DATA IN THIS EXERCISE:
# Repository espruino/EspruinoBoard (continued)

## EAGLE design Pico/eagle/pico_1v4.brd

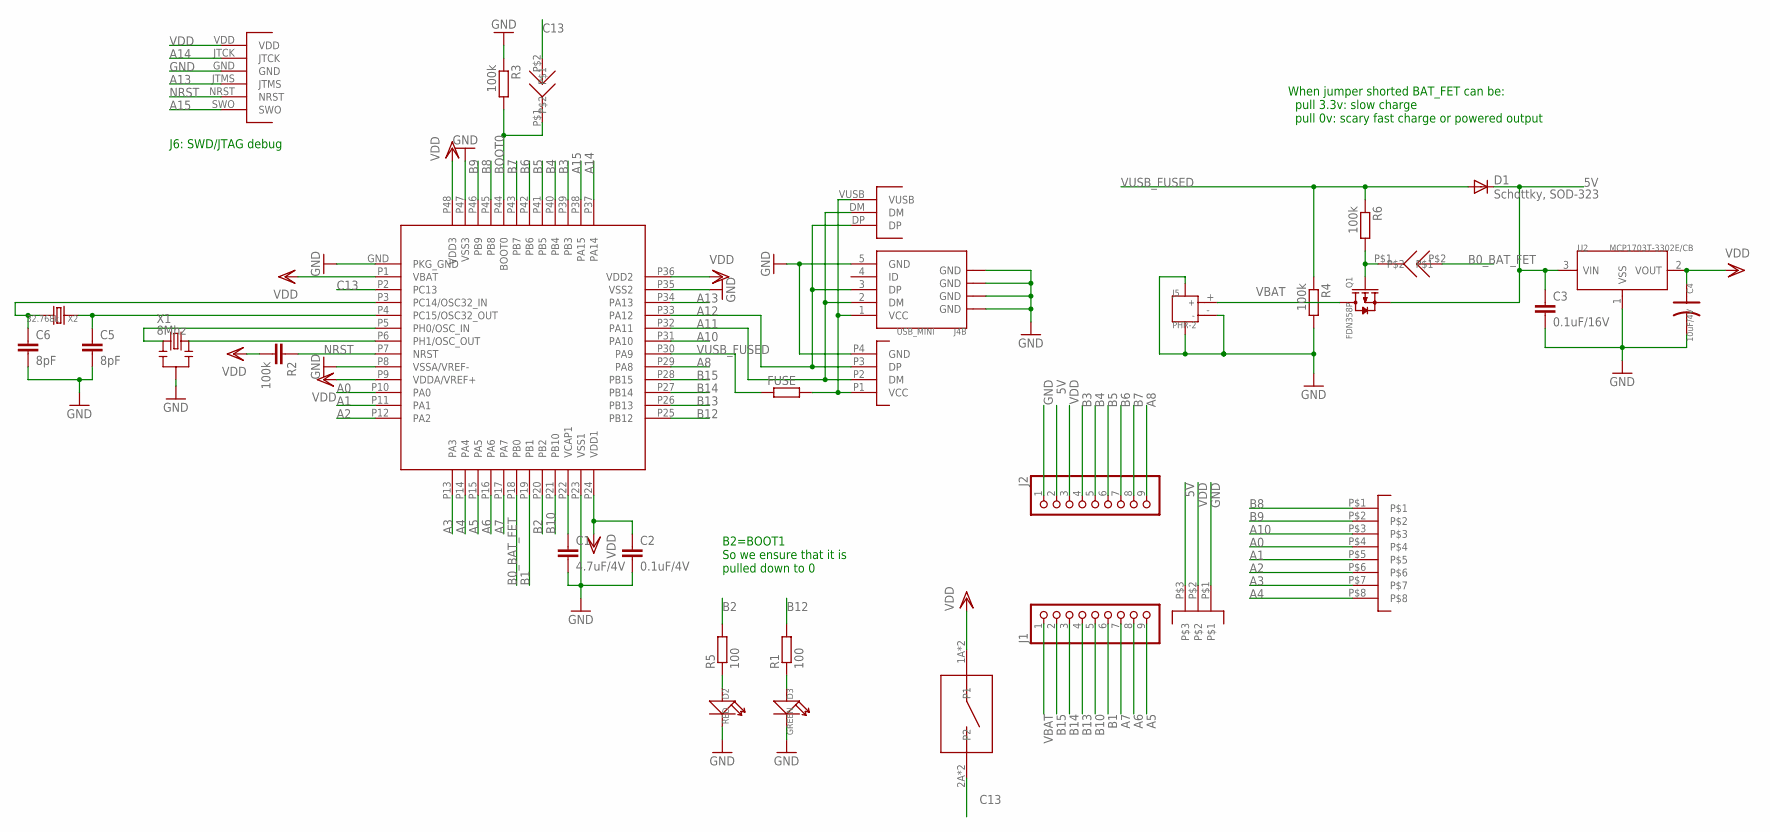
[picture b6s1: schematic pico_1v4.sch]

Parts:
B1: KMR421NG
C1: 4.7uF/4V; C0402
C2: 0.1uF/4V; C0402
C3: 0.1uF/16V; C0402
C4: 10uF/4V; AVX-A
C5, C6: 8pF; C0402
D1: Schottky, SOD-323; SOD323-W
D2: RED; LED-0402
D3: GREEN; LED-0402
FUSE: R-EU_R0603; R0603
J1, J2: PINHEAD9
J3, J7: SOLDERJUMPER
J4A: USB_TYPE_A_ONBOARD; USB_TYPEA_ONBOARD
J4B: USB_MINI
J5: PHR-2; JST-SMD-2.0-90D
J6: CON-SWD
J8: PINHEAD-1.27-8X1
J9: PINHEAD-1.27-3X1
Q1: FDN358P; SOT23
R1, R5: 100; R0402
R2: 100k; C0402
R3, R4, R6: 100k; R0402
U1: STM32F401CDU6; UFQFPN48
U2: MCP1703T-3302E/CB; SOT23
U$1: USB
X1: 8Mhz; 3P-SMD-3.6X1.3
X2: 32.768k; 2P-SMD-2.05X1.2

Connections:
5V: C3.1, D1.C, J2.2, J9.P$3, Q1.2 (S), U2.3 (VIN)
A0: J8.P$4, U1.P10 (PA0)
A1: J8.P$5, U1.P11 (PA1)
A2: J8.P$6, U1.P12 (PA2)
A3: J8.P$7, U1.P13 (PA3)
A4: J8.P$8, U1.P14 (PA4)
A5: J1.9, U1.P15 (PA5)
A6: J1.8, U1.P16 (PA6)
A7: J1.7, U1.P17 (PA7)
A8: J2.9, U1.P29 (PA8)
A10: J8.P$3, U1.P31 (PA10)
A11: J4A.P2 (DM), J4B.2 (DM), U1.P32 (PA11), U$1.DM
A12: J4A.P3 (DP), J4B.3 (DP), U1.P33 (PA12), U$1.DP
A13: J6.JTMS, U1.P34 (PA13)
A14: J6.JTCK, U1.P37 (PA14)
A15: J6.SWO, U1.P38 (PA15)
B0_BAT_FET: J3.P$2, U1.P18 (PB0)
B1: J1.6, U1.P19 (PB1)
B2: R5.2, U1.P20 (PB2)
B3: J2.4, U1.P39 (PB3)
B4: J2.5, U1.P40 (PB4)
B5: J2.6, U1.P41 (PB5)
B6: J2.7, U1.P42 (PB6)
B7: J2.8, U1.P43 (PB7)
B8: J8.P$1, U1.P45 (PB8)
B9: J8.P$2, U1.P46 (PB9)
B10: J1.5, U1.P21 (PB10)
B12: R1.2, U1.P25 (PB12)
B13: J1.4, U1.P26 (PB13)
B14: J1.3, U1.P27 (PB14)
B15: J1.2, U1.P28 (PB15)
BOOT0: J7.P$1, R3.2, U1.P44 (BOOT0)
C13: B1.2A (P2), B1.2B (P2), J7.P$2, U1.P2 (PC13)
GND: C1.3 (2), C2.3 (2), C3.3 (2), C4.- (2), C5.3 (2), C6.3 (2), D2.-, D3.-, J2.1, J4A.P4 (GND), J4B.5 (GND), J4B.P$1 (GND), J4B.P$2 (GND), J4B.P$3 (GND), J4B.P$4 (GND), J5.3, J5.4, J5.- (2), J6.GND, J9.P$1, R3.1, R4.2, U1.GND (PKG_GND), U1.P8 (VSSA/VREF-), U1.P23 (VSS1), U1.P35 (VSS2), U1.P47 (VSS3), U2.1 (VSS), X1.2
unnamed: C5.1, U1.P4 (PC15/OSC32_OUT), X2.1
unnamed: C6.1, U1.P3 (PC14/OSC32_IN), X2.2
unnamed: U1.P5 (PH0/OSC_IN), X1.1
unnamed: U1.P6 (PH1/OSC_OUT), X1.3
unnamed: D2.+, R5.1
unnamed: D3.+, R1.1
unnamed: J3.P$1, Q1.1 (G), R6.2
unnamed: C1.1, U1.P22 (VCAP1)
NRST: J6.NRST, R2.1, U1.P7 (NRST)
VBAT: J1.1, J5.+ (1), Q1.3 (D)
VDD: B1.1A (P1), B1.1B (P1), C2.1, C4.+ (1), J2.3, J6.VDD, J9.P$2, R2.3 (2), U1.P1 (VBAT), U1.P9 (VDDA/VREF+), U1.P24 (VDD1), U1.P36 (VDD2), U1.P48 (VDD3), U2.2 (VOUT)
VUSB: FUSE.2, J4A.P1 (VCC), J4B.1 (VCC), U$1.VUSB
VUSB_FUSED: D1.A, FUSE.1, R4.1, R6.1, U1.P30 (PA9)

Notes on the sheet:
When jumper shorted BAT_FET can be: pull 3.3v: slow charge pull 0v: scary fast charge or powered output
B2=BOOT1 So we ensure that it is pulled down to 0
J6: SWD/JTAG debug

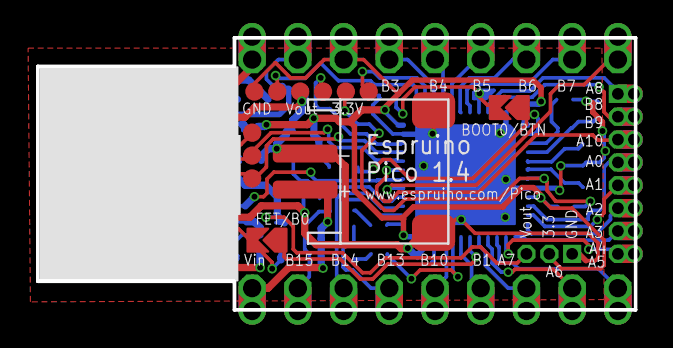
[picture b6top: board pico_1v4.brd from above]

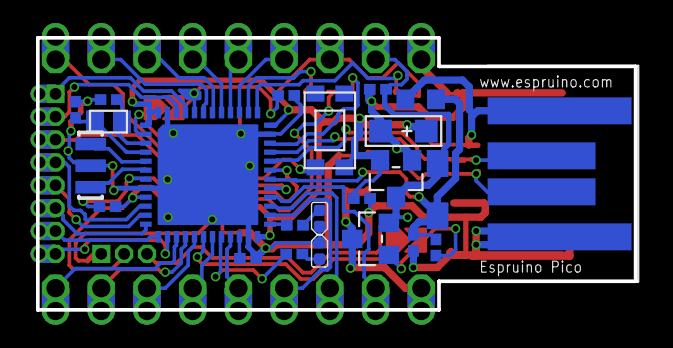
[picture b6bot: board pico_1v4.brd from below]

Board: 2 copper layers, 33.2 x 15.1 mm, 33 parts (23 on the bottom side), 47 nets.

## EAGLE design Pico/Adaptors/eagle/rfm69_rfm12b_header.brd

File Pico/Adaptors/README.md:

Here we have a selection of adaptor 'shims' to connect the Espruino Pico to various other devices. 

There's [a forum thread](http://forum.espruino.com/conversations/259519/) on potential adaptors. So far we have:

Available
--------

Unless specifically marked these are currently untested - use at your own risk.

| Link | Type |
|------|------|
|  |  Arduino/classic Espruino footprint |
|  |  Gameboy-style buttons - **Tested** |
|  |  NRF24L01P wireless |
|  |  NRF24L01P wireless (using 0.05 inch pins) |
|  | ESP8266 ESP01 WiFi Shim rev 1 - **Tested** |
|  | ESP8266 ESP01 WiFi Shim rev 2 - **Tested** - [buy on Tindie!](https://www.tindie.com/products/gfwilliams/espruino-pico-esp8266-wifi-shim/) |
|  |  ESP8266 ESP12 (SMD) WiFi - using 0.05 inch on end of board  |
|  |  ESP8266 ESP12 (SMD) WiFi  - using only 0.1 inch pins |
|  |  WIZnet W5500 Ethernet - **Tested**  - [buy on Tindie!](https://www.tindie.com/products/gfwilliams/espruino-pico-wiznet-w550io-ethernet-shim/) |
|  |  Generic XBee footprint (will handle SRF via the XRF module) |
|  | RFM12B  wireless |
|  |  RFM69HW wireless |
|  |  RFM12B/RFM69HW wireless using only 0.1 inch pins |
|   |  HC-05 / HC-06 / HM-10 bluetooth |
|   |  HC-05 / HC-06 / HM-10 bluetooth using only 0.1 inch pins |
|  |  Model aircraft servos |
|  |  Micro SD card - flat shim (small, but hard to get at pins) |
|  |  Micro SD card using only 0.1 inch pins |
|   |  (DaveCJ) Screw terminals |
|  |  Line-following Robot (LEDs, Mouse sensor, 4x LDRs, 4x Servo, Bluetooth, WiFi) |
|  |  Simple Line-following Robot (LEDs, 4x LDRs, 2x Servo, Bluetooth) |
|  |  [Seeed Studio Grove System](http://www.seeedstudio.com/depot/s/grovefamily.html) |
|  |  0.05" to 0.1" adaptor |
|  |   0.05" to 0.1" adaptor and Prototyping area (thin) |
|  |   0.05" to 0.1" adaptor and Prototyping area (wide) |
| [Link](../EspruBoy/espruboy.brd) | Mini-GameBoy Module |

To get one made, copy the `.brd` file linked and upload it to a company like [OSH Park](https://www.oshpark.com/) or [DirtyPCBs](http://dirtypcbs.com/).

Possibly To Do
------------

| Link | Type |
|------|------|
|  |  Mounting Holes |
|  |  MAX1551 LiPo battery charger |
|  |  CC3000 WiFi |
|  |  Audio Jack (see the [Audio programming thread](http://forum.espruino.com/conversations/257732/)) |
|  |  Dual H-bridge motor driver (i'm open to ideas for something cheap and easily sourceable) |
|  |  20x4 LCD |
|  |  Wii Nunchuck |
|  |  (DrAzzy) AT24 I2C EEPROM, or AT25 SPI EEPROM - I think one or the other would be helpful? I've put EEPROMs onto the prototyping area on 2 of my 3 Espruinos - there are just so many times working with a microcontroller when you want to store just a few bytes in non-volatile memory. |
|  |  (DrAzzy) ULN2003/2803 board (put the pads for a 2803, if we want to use a 2003, it could be installed, just not using the last pair of pads), giving us 7/8 higher current outputs on 0.1" header |
|  |  (DrAzzy) SOT-23 MOSFET board - as with the ULN2003/2803, only with a buncha mosfets, with pads for a resistor between gnd and each gate for a pulldown |
|  |  (DaveCJ) [Sx1272/RFM92 868Mhz radio](http://www.ebay.co.uk/itm/HopeRF-RFM92W-915Mhz-LoRa-Ultra-Long-Range-Transceiver-SX1272-compatible-/181415801105) |
|  |  (thomc) SMT proto area (like [this](http://www.adafruit.com/product/1212)) |
|  |  (DrAzzy) A MAX31855 thermocouple interface, with spot for screw terminals to connect the thermocouple |
|  |  Soil moisture sensor |
|  |  Capacitive keypad |
|  |  [LPRS eRIC](http://www.lprs.co.uk/easy-radio/eric/) radio module |
|  |  [.NET Gadgeteer](http://www.netmf.com/gadgeteer/) |

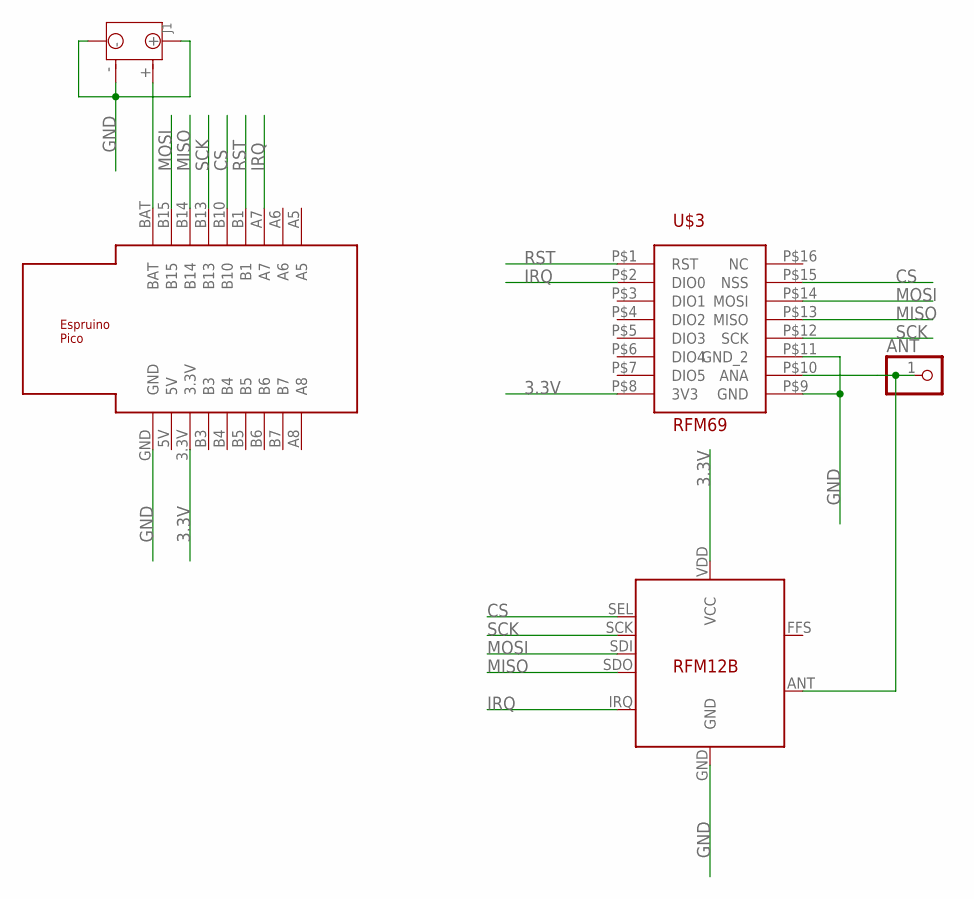
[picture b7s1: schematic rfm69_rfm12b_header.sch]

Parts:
ANT: PINHD-1X1; 1X01
J1: JST-2P-SMD-PW-3410050P1; 2P-SMD-2.0-90D
U$1: ESPRUINO_PICO_0.1
U$2: RFM12B
U$3: RFM69

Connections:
3.3V: U$1.3.3V, U$2.VDD (VCC), U$3.P$8 (3V3)
CS: U$1.B10, U$2.SEL, U$3.P$15 (NSS)
GND: J1.3, J1.4, J1.-, U$1.GND, U$2.GND, U$3.P$9 (GND), U$3.P$11 (GND_2)
IRQ: U$1.A7, U$2.IRQ, U$3.P$2 (DIO0)
MISO: U$1.B14, U$2.SDO, U$3.P$13 (MISO)
MOSI: U$1.B15, U$2.SDI, U$3.P$14 (MOSI)
unnamed: ANT.1, U$2.ANT, U$3.P$10 (ANA)
unnamed: J1.+, U$1.BAT
RST: U$1.B1, U$3.P$1 (RST)
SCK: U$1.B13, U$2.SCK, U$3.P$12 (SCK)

ASSIGNMENT: Retype the records above, but only those lines that fall between the line containing "Possibly To Do" and the line containing "radio module |", with both of those lines included, exactly as written.

PROBLEM SOLUTION:
Possibly To Do
------------

| Link | Type |
|------|------|
|  |  Mounting Holes |
|  |  MAX1551 LiPo battery charger |
|  |  CC3000 WiFi |
|  |  Audio Jack (see the [Audio programming thread](http://forum.espruino.com/conversations/257732/)) |
|  |  Dual H-bridge motor driver (i'm open to ideas for something cheap and easily sourceable) |
|  |  20x4 LCD |
|  |  Wii Nunchuck |
|  |  (DrAzzy) AT24 I2C EEPROM, or AT25 SPI EEPROM - I think one or the other would be helpful? I've put EEPROMs onto the prototyping area on 2 of my 3 Espruinos - there are just so many times working with a microcontroller when you want to store just a few bytes in non-volatile memory. |
|  |  (DrAzzy) ULN2003/2803 board (put the pads for a 2803, if we want to use a 2003, it could be installed, just not using the last pair of pads), giving us 7/8 higher current outputs on 0.1" header |
|  |  (DrAzzy) SOT-23 MOSFET board - as with the ULN2003/2803, only with a buncha mosfets, with pads for a resistor between gnd and each gate for a pulldown |
|  |  (DaveCJ) [Sx1272/RFM92 868Mhz radio](http://www.ebay.co.uk/itm/HopeRF-RFM92W-915Mhz-LoRa-Ultra-Long-Range-Transceiver-SX1272-compatible-/181415801105) |
|  |  (thomc) SMT proto area (like [this](http://www.adafruit.com/product/1212)) |
|  |  (DrAzzy) A MAX31855 thermocouple interface, with spot for screw terminals to connect the thermocouple |
|  |  Soil moisture sensor |
|  |  Capacitive keypad |
|  |  [LPRS eRIC](http://www.lprs.co.uk/easy-radio/eric/) radio module |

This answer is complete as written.